WASHINGTON -- Two cities intertwined in baseball history resumed one of the sport's truly lopsided "rivalries" last night - after 35 years.

So much has changed since the New York Yankees and a Washington ballclub - it was the Senators then - last played on Sept. 30, 1971, in the final regular-season game in the nation's capital until last season.

Seven presidents had come or gone, the Senators had moved to Texas to become the Rangers, and aging RFK Stadium became a venue for soccer and rock concerts - not baseball.

But there were the Yankees and Washington Nationals last night, back in the same stadium and playing before 44,749 fans - the largest home crowd since the Nationals arrived from Montreal. And there were the Yankees winning, 7-5, which was fitting, historically speaking.

New York won when 37-year-old Bernie Williams, who had four hits, broke a 5-5 tie with a bases-empty homer off Washington closer Chad Cordero in the ninth. Johnny Damon's sacrifice fly gave the Yankees an insurance run, and winning pitcher Mariano Rivera (4-3) got the Nats in order in the ninth.

Washington was battling the weight of history. From 1961 through 1971, Yankees teams were 121-74 against Washington. Leading 7-5, the Senators had lost their final game to New York in a forfeit when fans made a mad dash onto the field for souvenirs in the ninth inning, unnerving many of the players.

In a bow to history, the Nationals asked former Senators slugger Frank Howard to throw out last night's ceremonial first pitch. Howard had homered in the 1971 finale as Washington rallied to take the lead, only to ultimately suffer another loss.

Could the Nationals have been seeking revenge against New York last night? Well, it was a little late for that.

"By the 1950s, the relationship between these two former rivals had become so lopsided that the prospect of a Washington pennant existed only in the imagination of a novelist," says Frederic J. Frommer, author of a book on the history of baseball in Washington.

According to Frommer, it was a Senators fan, Douglass Wallop, who wrote a book in 1954 about a man who sells his soul to the devil so he can lead the Senators to a pennant over the Yankees. The book became the basis for the Broadway musical Damn Yankees.

"In the real world, of course, the Yankees won the pennant in '55, and the Senators finished in last place, 43 games back," Frommer said.

Last night's game not only produced the season's largest crowd, but also one of the noisiest. Some of the excitement was produced by a healthy contingent of Yankees fans, who seemed thrilled to have a new site to watch their team.

"Hey, Joe, this is like Christmas for us," one fan yelled at New York manager Joe Torre before the game.

Torre was signing autographs before the game, even though he was sitting out a one-game suspension for an incident in which Randy Johnson threw at Eduardo Perez during Wednesday's win against Cleveland.

Torre said he had never played or managed in a stadium like RFK that had been without meaningful baseball for so many years, only to be returned to service. "It is very unusual," he said. "The only thing that could come close to it is if Los Angeles gets a football team again."

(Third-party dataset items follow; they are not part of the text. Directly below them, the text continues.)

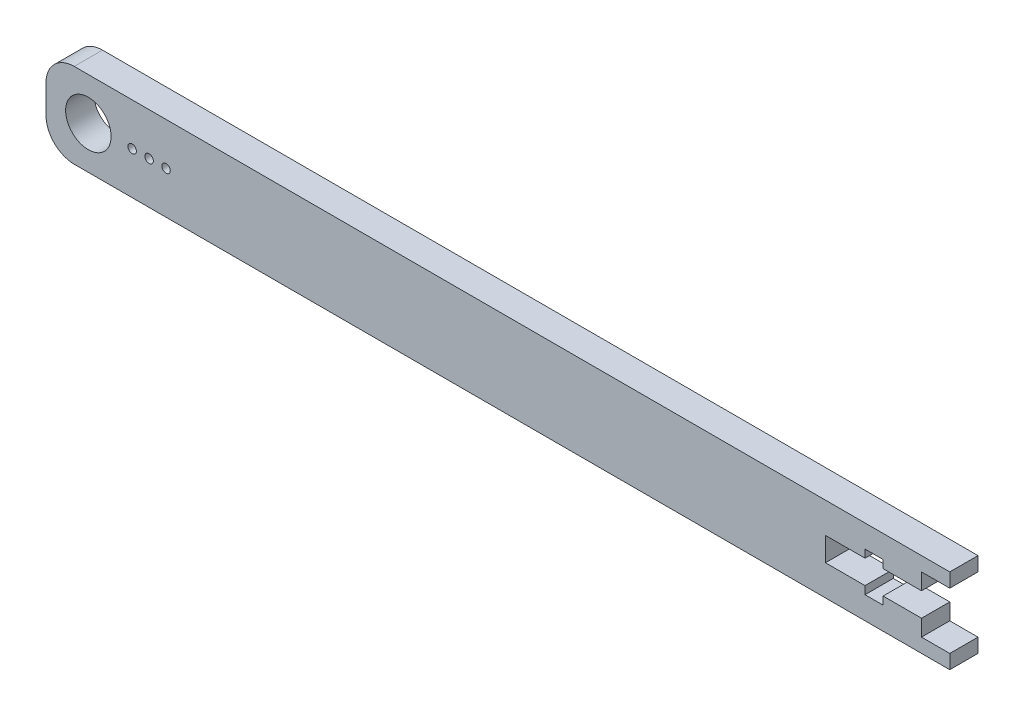
ISO-10303-21;
HEADER;
FILE_DESCRIPTION(('STEP AP214'),'2;1');
FILE_NAME('part.step','',(''),(''),'','','');
FILE_SCHEMA(('AUTOMOTIVE_DESIGN { 1 0 10303 214 1 1 1 1 }'));
ENDSEC;
DATA;
#1=APPLICATION_CONTEXT('core data for automotive mechanical design processes');
#2=APPLICATION_PROTOCOL_DEFINITION('international standard','automotive_design',2000,#1);
#3=PRODUCT_CONTEXT('',#1,'mechanical');
#4=PRODUCT('Part','Part','',(#3));
#5=PRODUCT_RELATED_PRODUCT_CATEGORY('part','',(#4));
#6=PRODUCT_DEFINITION_FORMATION('','',#4);
#7=PRODUCT_DEFINITION_CONTEXT('part definition',#1,'design');
#8=PRODUCT_DEFINITION('design','',#6,#7);
#9=PRODUCT_DEFINITION_SHAPE('','',#8);
#10=(LENGTH_UNIT() NAMED_UNIT(*) SI_UNIT(.MILLI.,.METRE.));
#11=(NAMED_UNIT(*) PLANE_ANGLE_UNIT() SI_UNIT($,.RADIAN.));
#12=(NAMED_UNIT(*) SI_UNIT($,.STERADIAN.) SOLID_ANGLE_UNIT());
#13=UNCERTAINTY_MEASURE_WITH_UNIT(LENGTH_MEASURE(1.E-05),#10,'distance_accuracy_value','');
#14=(GEOMETRIC_REPRESENTATION_CONTEXT(3) GLOBAL_UNCERTAINTY_ASSIGNED_CONTEXT((#13)) GLOBAL_UNIT_ASSIGNED_CONTEXT((#10,
#11,#12)) REPRESENTATION_CONTEXT('',''));
#15=CARTESIAN_POINT('',(0.,0.,0.));
#16=DIRECTION('',(0.,0.,1.));
#17=DIRECTION('',(1.,0.,0.));
#18=AXIS2_PLACEMENT_3D('',#15,#16,#17);
#19=CARTESIAN_POINT('',(-65.,12.5,5.));
#20=DIRECTION('',(1.,0.,0.));
#21=DIRECTION('',(0.,0.,-1.));
#22=AXIS2_PLACEMENT_3D('',#19,#20,#21);
#23=PLANE('',#22);
#24=DIRECTION('',(0.,0.,1.));
#25=VECTOR('',#24,1.);
#26=CARTESIAN_POINT('',(-65.,9.6,5.));
#27=LINE('',#26,#25);
#28=CARTESIAN_POINT('',(-65.,9.6,0.));
#29=VERTEX_POINT('',#28);
#30=CARTESIAN_POINT('',(-65.,9.6,5.));
#31=VERTEX_POINT('',#30);
#32=EDGE_CURVE('E11',#29,#31,#27,.T.);
#33=ORIENTED_EDGE('',*,*,#32,.F.);
#34=DIRECTION('',(0.,-1.,0.));
#35=VECTOR('',#34,1.);
#36=CARTESIAN_POINT('',(-65.,12.5,0.));
#37=LINE('',#36,#35);
#38=CARTESIAN_POINT('',(-65.,12.5,0.));
#39=VERTEX_POINT('',#38);
#40=EDGE_CURVE('E250',#39,#29,#37,.T.);
#41=ORIENTED_EDGE('',*,*,#40,.F.);
#42=DIRECTION('',(0.,0.,-1.));
#43=VECTOR('',#42,1.);
#44=CARTESIAN_POINT('',(-65.,12.5,5.));
#45=LINE('',#44,#43);
#46=CARTESIAN_POINT('',(-65.,12.5,5.));
#47=VERTEX_POINT('',#46);
#48=EDGE_CURVE('E266',#47,#39,#45,.T.);
#49=ORIENTED_EDGE('',*,*,#48,.F.);
#50=DIRECTION('',(0.,-1.,0.));
#51=VECTOR('',#50,1.);
#52=CARTESIAN_POINT('',(-65.,12.5,5.));
#53=LINE('',#52,#51);
#54=EDGE_CURVE('E394',#47,#31,#53,.T.);
#55=ORIENTED_EDGE('',*,*,#54,.T.);
#56=EDGE_LOOP('',(#33,#41,#49,#55));
#57=FACE_BOUND('',#56,.T.);
#58=ADVANCED_FACE('F33',(#57),#23,.T.);
#59=CARTESIAN_POINT('',(-215.,5.,5.));
#60=DIRECTION('',(0.,0.,1.));
#61=DIRECTION('',(1.,0.,0.));
#62=AXIS2_PLACEMENT_3D('',#59,#60,#61);
#63=PLANE('',#62);
#64=DIRECTION('',(0.,-1.,0.));
#65=VECTOR('',#64,1.);
#66=CARTESIAN_POINT('',(-60.,5.,5.));
#67=LINE('',#66,#65);
#68=CARTESIAN_POINT('',(-60.,15.,5.));
#69=VERTEX_POINT('',#68);
#70=CARTESIAN_POINT('',(-60.,12.5,5.));
#71=VERTEX_POINT('',#70);
#72=EDGE_CURVE('E56',#69,#71,#67,.T.);
#73=ORIENTED_EDGE('',*,*,#72,.F.);
#74=DIRECTION('',(-1.,0.,0.));
#75=VECTOR('',#74,1.);
#76=CARTESIAN_POINT('',(-215.,15.,5.));
#77=LINE('',#76,#75);
#78=CARTESIAN_POINT('',(-215.,15.,5.));
#79=VERTEX_POINT('',#78);
#80=EDGE_CURVE('E278',#69,#79,#77,.T.);
#81=ORIENTED_EDGE('',*,*,#80,.T.);
#82=CARTESIAN_POINT('',(-215.,10.,5.));
#83=DIRECTION('',(0.,0.,1.));
#84=DIRECTION('',(1.,0.,0.));
#85=AXIS2_PLACEMENT_3D('',#82,#83,#84);
#86=CIRCLE('',#85,5.);
#87=CARTESIAN_POINT('',(-220.,9.99999999999996,5.));
#88=VERTEX_POINT('',#87);
#89=EDGE_CURVE('E280',#79,#88,#86,.T.);
#90=ORIENTED_EDGE('',*,*,#89,.T.);
#91=DIRECTION('',(0.,-1.,0.));
#92=VECTOR('',#91,1.);
#93=CARTESIAN_POINT('',(-220.,9.99999999999996,5.));
#94=LINE('',#93,#92);
#95=CARTESIAN_POINT('',(-220.,5.00000000000004,5.));
#96=VERTEX_POINT('',#95);
#97=EDGE_CURVE('E226',#88,#96,#94,.T.);
#98=ORIENTED_EDGE('',*,*,#97,.T.);
#99=CARTESIAN_POINT('',(-215.,5.,5.));
#100=DIRECTION('',(0.,0.,1.));
#101=DIRECTION('',(1.,0.,0.));
#102=AXIS2_PLACEMENT_3D('',#99,#100,#101);
#103=CIRCLE('',#102,5.);
#104=CARTESIAN_POINT('',(-215.,0.,5.));
#105=VERTEX_POINT('',#104);
#106=EDGE_CURVE('E221',#96,#105,#103,.T.);
#107=ORIENTED_EDGE('',*,*,#106,.T.);
#108=DIRECTION('',(1.,0.,0.));
#109=VECTOR('',#108,1.);
#110=CARTESIAN_POINT('',(-215.,0.,5.));
#111=LINE('',#110,#109);
#112=CARTESIAN_POINT('',(-60.,0.,5.));
#113=VERTEX_POINT('',#112);
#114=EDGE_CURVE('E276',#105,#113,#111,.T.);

The Nationals took a 5-3 lead in the sixth on an RBI double by Ryan Zimmerman. But New York scored twice in the eighth, the tying run coming in on a bases-loaded walk issued by Gary Majewski.

The Nationals' Alfonso Soriano hit his 24th home run of the year in the third.

NOTE -- Washington shortstop Royce Clayton was listed as day-to-day after injuring his right shoulder diving for a ball in the eighth.